This a little part of a Data Architecture student project, during the Jedha Lead Formation (Data Engineering / MLOps...)
Collective project in 3 days with 3 collaborators : Marie Agrapart, Pascal Toutain and David Gauthier
We were a team of data engineers at Lime. We had to use the open data from the City of Paris API regarding the coordinates of velib stations and the availability of bikes.
The goal was to tell Lime employees where they could place Lime electric scooters, on a map, by analyzing "real time" public bike availability deficits.
We had to set up a proof of concept for a data pipeline with technologies like Kafka, Airflow, Streamlit...
The schematics are visible in the docs folder. Slide Presentation too.
Here, ou principal architecture :
The producer.py script requests the open data API every minutes and sends about 1453 informations of bike availability (1 per station) with a Kafka Confluent Connector to a Postgres database (AWS RDS) wich store its, by overwriting the old information (we think of the planet!).
Another parralelize query, every 24 hours, with a Airflow trigger, allows us to retrieve the GPS coordinates of the velib stations.
The join is made directly in the Streamlit application for the users.
Time lag was to 1-2 seconds, between the send (of the producer script) and our Streamlit app !...

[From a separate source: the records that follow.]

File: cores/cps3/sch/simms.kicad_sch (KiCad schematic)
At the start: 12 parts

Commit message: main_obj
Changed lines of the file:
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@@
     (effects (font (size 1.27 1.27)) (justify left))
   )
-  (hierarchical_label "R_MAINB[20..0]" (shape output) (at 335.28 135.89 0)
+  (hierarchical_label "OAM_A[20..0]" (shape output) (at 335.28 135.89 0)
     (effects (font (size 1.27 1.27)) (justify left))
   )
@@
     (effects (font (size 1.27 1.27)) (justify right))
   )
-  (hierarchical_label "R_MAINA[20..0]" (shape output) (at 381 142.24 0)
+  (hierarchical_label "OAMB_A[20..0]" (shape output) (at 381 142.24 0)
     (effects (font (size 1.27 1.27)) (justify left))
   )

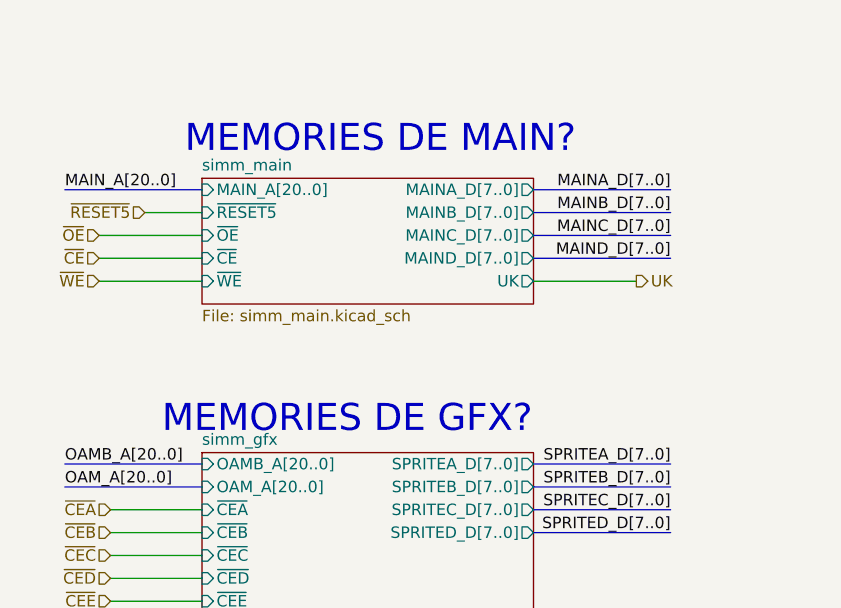
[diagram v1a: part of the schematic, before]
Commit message: new_symbols
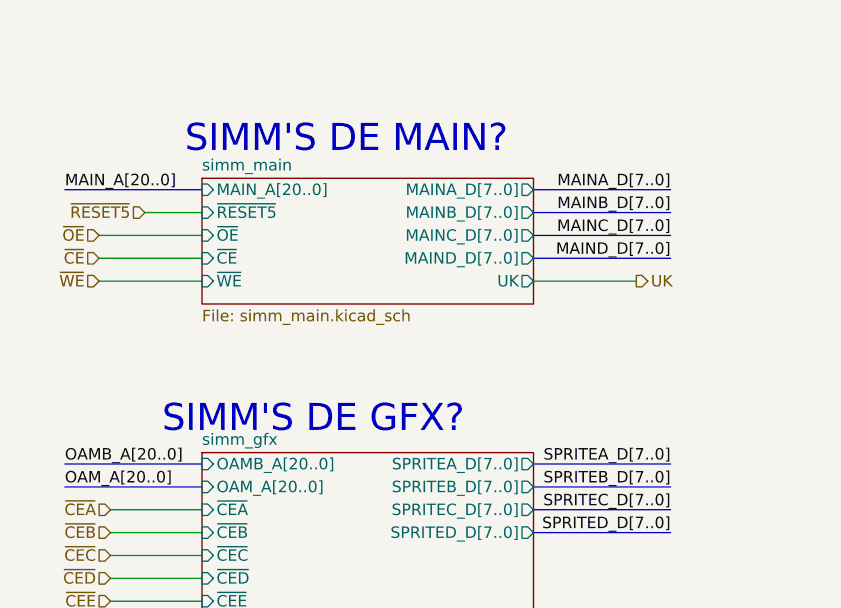
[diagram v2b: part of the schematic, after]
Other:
- note added: "SIMM'S DE GFX?"
- note added: "SIMM'S DE MAIN?"
- note removed: "MEMORIES DE GFX?"
- note removed: "MEMORIES DE MAIN?"
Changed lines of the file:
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@@
     (effects (font (size 1.27 1.27)) (justify right bottom))
   )
-  (text "MEMORIES DE MAIN?" (at 61.595 38.1 0)
+  (text "SIMM'S DE MAIN?" (at 61.595 38.1 0)
     (effects (font (size 3 3)) (justify left bottom))
   )
@@
     (effects (font (size 1.27 1.27)) (justify left bottom))
   )
-  (text "MEMORIES DE GFX?" (at 59.055 69.215 0)
+  (text "SIMM'S DE GFX?" (at 59.055 69.215 0)
     (effects (font (size 3 3)) (justify left bottom))
   )

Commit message: update6_cps
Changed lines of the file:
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@@
     (comment 1 "E.Triana")
   )
+  (junction (at 149.86 40.64) (diameter 0) (color 0 0 0 0)
+  )
   (junction (at 295.91 232.41) (diameter 0) (color 0 0 0 0)
   )
@@
     (stroke (width 0) (type default) (color 0 0 0 0))
   )
+  (wire (pts (xy 374.65 205.74) (xy 374.65 233.68))
+    (stroke (width 0) (type default) (color 0 0 0 0))
+  )
   (wire (pts (xy 53.34 80.01) (xy 63.5 80.01))
     (stroke (width 0) (type default) (color 0 0 0 0))
@@
     (stroke (width 0) (type default) (color 0 0 0 0))
   )
-  (wire (pts (xy 359.41 205.74) (xy 369.57 205.74))
+  (wire (pts (xy 359.41 205.74) (xy 374.65 205.74))
     (stroke (width 0) (type default) (color 0 0 0 0))
   )
@@
     (stroke (width 0) (type default) (color 0 0 0 0))
   )
+  (wire (pts (xy 149.86 31.75) (xy 149.86 40.64))
+    (stroke (width 0) (type default) (color 0 0 0 0))
+  )
   (wire (pts (xy 293.37 168.91) (xy 283.21 168.91))
     (stroke (width 0) (type default) (color 0 0 0 0))
@@
     (pin "9")
   )
+  (symbol (lib_id "power:VSS") (at 374.65 233.68 180) (unit 1)
+    (in_bom yes) (on_board yes)
+    (property "Reference" "#PWR?" (id 0) (at 374.65 229.87 0)
+      (effects (font (size 1.27 1.27)) hide)
+    )
+    (property "Value" "VSS" (id 1) (at 374.65 237.49 0))
+    (property "Footprint" "" (id 2) (at 374.65 233.68 0)
+      (effects (font (size 1.27 1.27)) hide)
+    )
+    (property "Datasheet" "" (id 3) (at 374.65 233.68 0)
+      (effects (font (size 1.27 1.27)) hide)
+    )
+    (pin "1")
+  )
   (symbol (lib_id "Connector:Conn_01x36_Male") (at 207.01 83.82 0) (mirror y) (unit 1)
     (in_bom yes) (on_board yes)
@@
     (pin "9")
   )
+  (symbol (lib_id "power:VCC") (at 149.86 31.75 0) (unit 1)
+    (in_bom yes) (on_board yes)
+    (property "Reference" "#PWR?" (id 0) (at 149.86 35.56 0)
+      (effects (font (size 1.27 1.27)) hide)
+    )
+    (property "Value" "VCC" (id 1) (at 149.86 27.94 0))
+    (property "Footprint" "" (id 2) (at 149.86 31.75 0)
+      (effects (font (size 1.27 1.27)) hide)
+    )
+    (property "Datasheet" "" (id 3) (at 149.86 31.75 0)
+      (effects (font (size 1.27 1.27)) hide)
+    )
+    (pin "1")
+  )
   (symbol (lib_id "Connector:Conn_01x36_Male") (at 144.78 83.82 0) (unit 1)

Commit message: clear_sch_hk_cr
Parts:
- removed SIMM1E (x2), SIMM2D (x2): Conn_01x36_Male, symbol Connector:Conn_01x36_Male
- added SIMM1E (x2), SIMM2D (x2): Conn_01x36_Male, symbol Connector:Conn_01x36_Male
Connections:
- net OAM_A19: now also SIMM4DD.3 (Pin_3); no longer SIMM4DD.4 (Pin_4)
- net OAM_A20: now also SIMM4DD.4 (Pin_4); no longer SIMM4DD.3 (Pin_3)
- net UK: now also SIMM1E.33 (Pin_33), SIMM2D.33 (Pin_33)
- net VCC: now also SIMM1E.1 (Pin_1), SIMM1E.2 (Pin_2), SIMM2D.1 (Pin_1), SIMM2D.2 (Pin_2)
- net VSS: now also SIMM1E.11 (Pin_11), SIMM1E.13 (Pin_13), SIMM1E.20 (Pin_20), SIMM1E.25 (Pin_25), SIMM1E.27 (Pin_27), SIMM1E.29 (Pin_29), SIMM1E.32 (Pin_32), SIMM2D.11 (Pin_11), SIMM2D.13 (Pin_13), SIMM2D.20 (Pin_20), SIMM2D.25 (Pin_25), SIMM2D.27 (Pin_27), SIMM2D.29 (Pin_29), SIMM2D.32 (Pin_32)
- net ~{CE}: now also SIMM1E.31 (Pin_31), SIMM2D.31 (Pin_31)
- net ~{OE}: now also SIMM1E.35 (Pin_35), SIMM2D.35 (Pin_35)
- net ~{RESET5}: now also SIMM1E.26 (Pin_26), SIMM2D.26 (Pin_26)
- net ~{WE}: now also SIMM1E.34 (Pin_34), SIMM2D.34 (Pin_34)
- new net GFXA_D0: SIMM1E.10 (Pin_10), SIMM2D.10 (Pin_10)
- new net GFXA_D1: SIMM1E.9 (Pin_9), SIMM2D.9 (Pin_9)
- new net GFXA_D2: SIMM1E.8 (Pin_8), SIMM2D.8 (Pin_8)
- new net GFXA_D3: SIMM1E.7 (Pin_7), SIMM2D.7 (Pin_7)
- new net GFXA_D4: SIMM1E.6 (Pin_6), SIMM2D.6 (Pin_6)
- new net GFXA_D5: SIMM1E.5 (Pin_5), SIMM2D.5 (Pin_5)
- new net GFXA_D6: SIMM1E.4 (Pin_4), SIMM2D.4 (Pin_4)
- new net GFXA_D7: SIMM1E.3 (Pin_3), SIMM2D.3 (Pin_3)
- new net GFXB_D0: SIMM1E.19 (Pin_19), SIMM2D.19 (Pin_19)
- new net GFXB_D1: SIMM1E.18 (Pin_18), SIMM2D.18 (Pin_18)
- new net GFXB_D2: SIMM1E.17 (Pin_17), SIMM2D.17 (Pin_17)
- new net GFXB_D3: SIMM1E.16 (Pin_16), SIMM2D.16 (Pin_16)
- new net GFXB_D4: SIMM1E.15 (Pin_15), SIMM2D.15 (Pin_15)
- new net GFXB_D5: SIMM1E.14 (Pin_14), SIMM2D.14 (Pin_14)
- new net GFXB_D6: SIMM1E.13 (Pin_13), SIMM2D.13 (Pin_13)
- new net GFXB_D7: SIMM1E.12 (Pin_12), SIMM2D.12 (Pin_12)
- new net GFXC_D0: SIMM1E.28 (Pin_28), SIMM2D.28 (Pin_28)
- new net GFXC_D1: SIMM1E.27 (Pin_27), SIMM2D.27 (Pin_27)
- new net GFXC_D2: SIMM1E.26 (Pin_26), SIMM2D.26 (Pin_26)
- new net GFXC_D3: SIMM1E.25 (Pin_25), SIMM2D.25 (Pin_25)
- new net GFXC_D4: SIMM1E.24 (Pin_24), SIMM2D.24 (Pin_24)
- new net GFXC_D5: SIMM1E.23 (Pin_23), SIMM2D.23 (Pin_23)
- new net GFXC_D6: SIMM1E.22 (Pin_22), SIMM2D.22 (Pin_22)
- new net GFXC_D7: SIMM1E.21 (Pin_21), SIMM2D.21 (Pin_21)
- new net GFXD_D0: SIMM1E.1 (Pin_1), SIMM2D.1 (Pin_1)
- new net GFXD_D1: SIMM1E.36 (Pin_36), SIMM2D.36 (Pin_36)
- new net GFXD_D2: SIMM1E.35 (Pin_35), SIMM2D.35 (Pin_35)
- new net GFXD_D3: SIMM1E.34 (Pin_34), SIMM2D.34 (Pin_34)
- new net GFXD_D4: SIMM1E.33 (Pin_33), SIMM2D.33 (Pin_33)
- new net GFXD_D5: SIMM1E.32 (Pin_32), SIMM2D.32 (Pin_32)
- new net GFXD_D6: SIMM1E.31 (Pin_31), SIMM2D.31 (Pin_31)
- new net GFXD_D7: SIMM1E.30 (Pin_30), SIMM2D.30 (Pin_30)
- new net GFX_A0: SIMM1E.24 (Pin_24), SIMM2D.24 (Pin_24)
- new net GFX_A1: SIMM1E.23 (Pin_23), SIMM2D.23 (Pin_23)
- new net GFX_A10: SIMM1E.14 (Pin_14), SIMM2D.14 (Pin_14)
- new net GFX_A11: SIMM1E.12 (Pin_12), SIMM2D.12 (Pin_12)
- new net GFX_A12: SIMM1E.11 (Pin_11), SIMM2D.11 (Pin_11)
- new net GFX_A13: SIMM1E.10 (Pin_10), SIMM2D.10 (Pin_10)
- new net GFX_A14: SIMM1E.9 (Pin_9), SIMM2D.9 (Pin_9)
- new net GFX_A15: SIMM1E.8 (Pin_8), SIMM2D.8 (Pin_8)
- new net GFX_A16: SIMM1E.7 (Pin_7), SIMM2D.7 (Pin_7)
- new net GFX_A17: SIMM1E.6 (Pin_6), SIMM2D.6 (Pin_6)
- new net GFX_A18: SIMM1E.5 (Pin_5), SIMM2D.5 (Pin_5)
- new net GFX_A19: SIMM1E.4 (Pin_4), SIMM2D.4 (Pin_4)
- new net GFX_A2: SIMM1E.22 (Pin_22), SIMM2D.22 (Pin_22)
- new net GFX_A20: SIMM1E.3 (Pin_3), SIMM2D.3 (Pin_3)
- new net GFX_A3: SIMM1E.21 (Pin_21), SIMM2D.21 (Pin_21)
- new net GFX_A4: SIMM1E.20 (Pin_20), SIMM2D.20 (Pin_20)
- new net GFX_A5: SIMM1E.19 (Pin_19), SIMM2D.19 (Pin_19)
- new net GFX_A6: SIMM1E.18 (Pin_18), SIMM2D.18 (Pin_18)
- new net GFX_A7: SIMM1E.17 (Pin_17), SIMM2D.17 (Pin_17)
- new net GFX_A8: SIMM1E.16 (Pin_16), SIMM2D.16 (Pin_16)
- new net GFX_A9: SIMM1E.15 (Pin_15), SIMM2D.15 (Pin_15)
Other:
- sheet simm_gfx renamed simms_6~3
- sheet simm_main renamed simms_2~1
- sheet simms_2~1: file simm_main.kicad_sch -> simms_2~1.kicad_sch
- sheet simms_2~1 ports: added GFXA_D[7..0], GFXB_D[7..0], GFXC_D[7..0], GFXD_D[7..0], GFX_A[20..0]; removed MAINA_D[7..0], MAINB_D[7..0], MAINC_D[7..0], MAIND_D[7..0], MAIN_A[20..0]
- sheet simms_6~3: file simm_gfx.kicad_sch -> simms_6~3.kicad_sch
- note added: "Slot 1"
- note added: "Slot 2"
- note added: "Slot 3"
- note added: "Slot 4"
- note added: "Slot 5"
- note added: "Slot 6"
- note added: "Slot Male"
- note removed: "REVISAR POSIBLE CORTO ENTRE VCC Y VSS"
- note removed: "SIMM'S DE GFX?"
- note removed: "SIMM'S DE MAIN?"

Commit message: wip_ccu
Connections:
- net Slot _M_P72: now reaches SIMM5CC.36 (Pin_36)
- net Slot _M_P72: now also SIMM1E.36 (Pin_36), SIMM2D.36 (Pin_36), SIMM3EE.36 (Pin_36), SIMM4DD.36 (Pin_36), SIMM6BB.36 (Pin_36)
- no-connect marks 81 -> 79
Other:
- moved on the sheet: SIMM6BB

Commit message: wip_ccu_gll2_cassette
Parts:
- removed SIMM1E (x2), SIMM2D (x2), SIMM3E, SIMM3EE, SIMM4D, SIMM4DD, SIMM5C, SIMM5CC, SIMM6B, SIMM6BB: Conn_01x36_Male, symbol Connector:Conn_01x36_Male
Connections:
- no-connect marks 79 -> 0
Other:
- added sheet slot_male (slot_male.kicad_sch)
- added sheet slots_female (slots_females.kicad_sch)
- note removed: "37"
- note removed: "38"
- note removed: "39 40"
- note removed: "41 42"
- note removed: "43 44"
- note removed: "45 46"
- note removed: "47 48"
- note removed: "49 50"
- note removed: "51 52"
- note removed: "53 54"
- note removed: "55 56"
- note removed: "57 58"
- note removed: "59 60"
- note removed: "61 62"
- note removed: "63 64"
- note removed: "65 66"
- note removed: "67 68"
- note removed: "69 70"
- note removed: "71 72"
- note removed: "Slot 1"
- note removed: "Slot 2"
- note removed: "Slot 3"
- note removed: "Slot 4"
- note removed: "Slot 5"
- note removed: "Slot 6"
- note removed: "Slot Male"
- note removed: "[37..72]"

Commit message: wip_ccu_cassette
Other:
- sheet slot_male ports: added UK, ~{CEA}, ~{CEB}, ~{CEC}, ~{CED}, ~{CEE}, ~{CEF}, ~{CEG}, ~{CEH}, ~{CEI}, ~{CEJ}, ~{CEK}, ~{CEL}, ~{CEM}, ~{CEN}, ~{CEO}, ~{CEP}, ~{CE}, ~{OEB}, ~{OEC}, ~{OED}, ~{OEE}, ~{OE}, ~{RESET1}, ~{RESET2}, ~{RESET3}, ~{RESET4}, ~{RESET5}, ~{WEB}, ~{WEC}, ~{WED}, ~{WEE}, ~{WE}; removed none

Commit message: wip_cassette
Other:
- sheet slot_male renamed simm_connector
- sheet simm_connector: file slot_male.kicad_sch -> simm_connector.kicad_sch
- sheet simm_connector ports: added GFX_A21, UK_CCU, ~{CE_}S1, ~{CE}_S2, ~{OE}_CCU, ~{WE}_CCU; removed UK, ~{OE}, ~{WE}
- sheet simms_2~1 ports: added UK_CCU, ~{CE_}S1, ~{CE_}S2, ~{OE}_CCU, ~{WE}_CCU; removed UK, ~{CE}, ~{OE}, ~{WE}
- sheet slots_female ports: added GFX_A21, UK_CCU, ~{CE_}S1, ~{CE}_S2, ~{OE}_CCU, ~{WE}_CCU; removed UK, ~{OE}, ~{WE}
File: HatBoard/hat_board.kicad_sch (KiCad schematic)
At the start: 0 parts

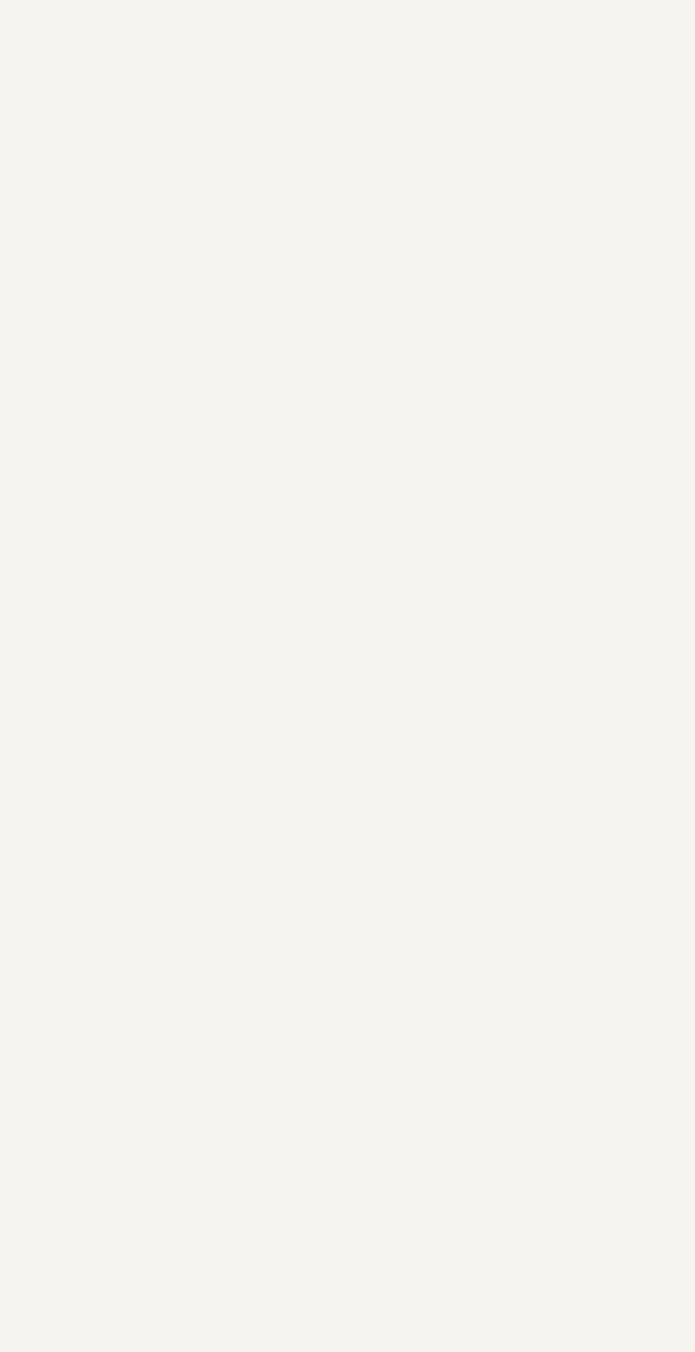
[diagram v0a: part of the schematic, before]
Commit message: changed so only one set of sensors (save money)
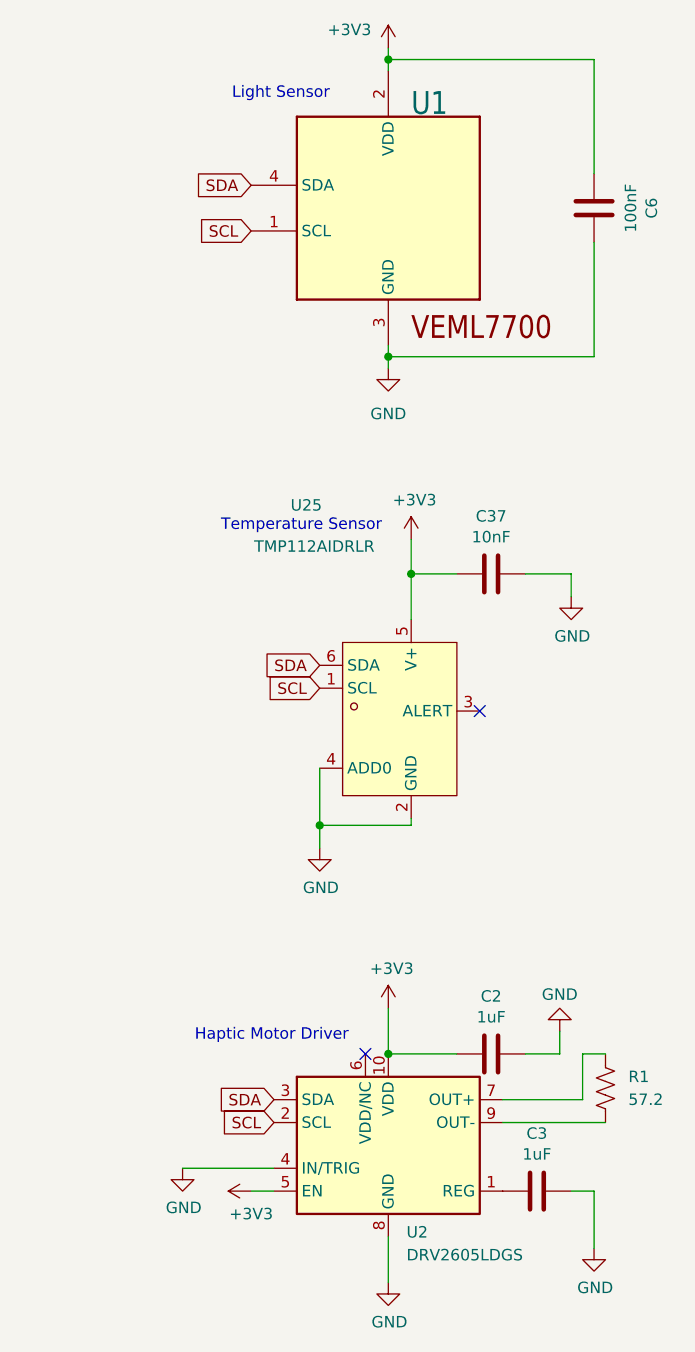
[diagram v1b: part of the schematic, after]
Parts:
- added C2, C3: 1uF, Capacitor_SMD:C_0805_2012Metric, symbol Device:C
- added C37: 10nF, Capacitor_SMD:C_0402_1005Metric, symbol Device:C
- added C6: 100nF, Capacitor_SMD:C_0402_1005Metric, symbol Device:C
- added R1: 57.2, Resistor_SMD:R_0201_0603Metric_Pad0.64x0.40mm_HandSolder, symbol Device:R_US
- added U1: VEML7700, easyeda2kicad:SENSOR-SMD_EML7700-TT, symbol Adafruit VEML7700-eagle-import:VEML7700
- added U2: DRV2605LDGS, Package_SO:VSSOP-10_3x3mm_P0.5mm, symbol Driver_Haptic:DRV2605LDGS
- added U25: TMP112AIDRLR, easyeda2kicad:SOT-563_L1.6-W1.2-P0.50-LS1.6-BR, symbol easyeda2kicad:TMP112AIDRLR
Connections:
- new net: C3.1, U2.1 (REG)
- new net: R1.1, U2.7 (OUT+)
- new net: R1.2, U2.9 (OUT-)
- new net +3V3: C2.1, C37.1, C6.1, U1.2 (VDD), U2.10 (VDD), U2.5 (EN), U25.5 (V+)
- new net GND: C2.2, C3.2, C37.2, C6.2, U1.3 (GND), U2.4 (IN/TRIG), U2.8 (GND), U25.2 (GND), U25.4 (ADD0)
- new net SCL: U1.1 (SCL), U2.2 (SCL), U25.1 (SCL)
- new net SDA: U1.4 (SDA), U2.3 (SDA), U25.6 (SDA)
- no-connect marks 0 -> 2
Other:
- note added: "Haptic Motor Driver"
- note added: "Light Sensor"
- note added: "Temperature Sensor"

A third query, every hour, is automated with Airflow to take the availability of the bikes with Airflow and, this time, not delete them. The information was sent to an AWS S3 for future analysis, or Machine Learning modeling...
First, we did a proof of concept of this Data Pipeline locally...
Then, we tried to imagine a more complex architecture with two Machine Learning models: a Deep Learning RNN (for time series problems) to predict the availability of bikes in the map, and a Reinforcement Learning model to reduce the travel time of small "refill" trucks in the city.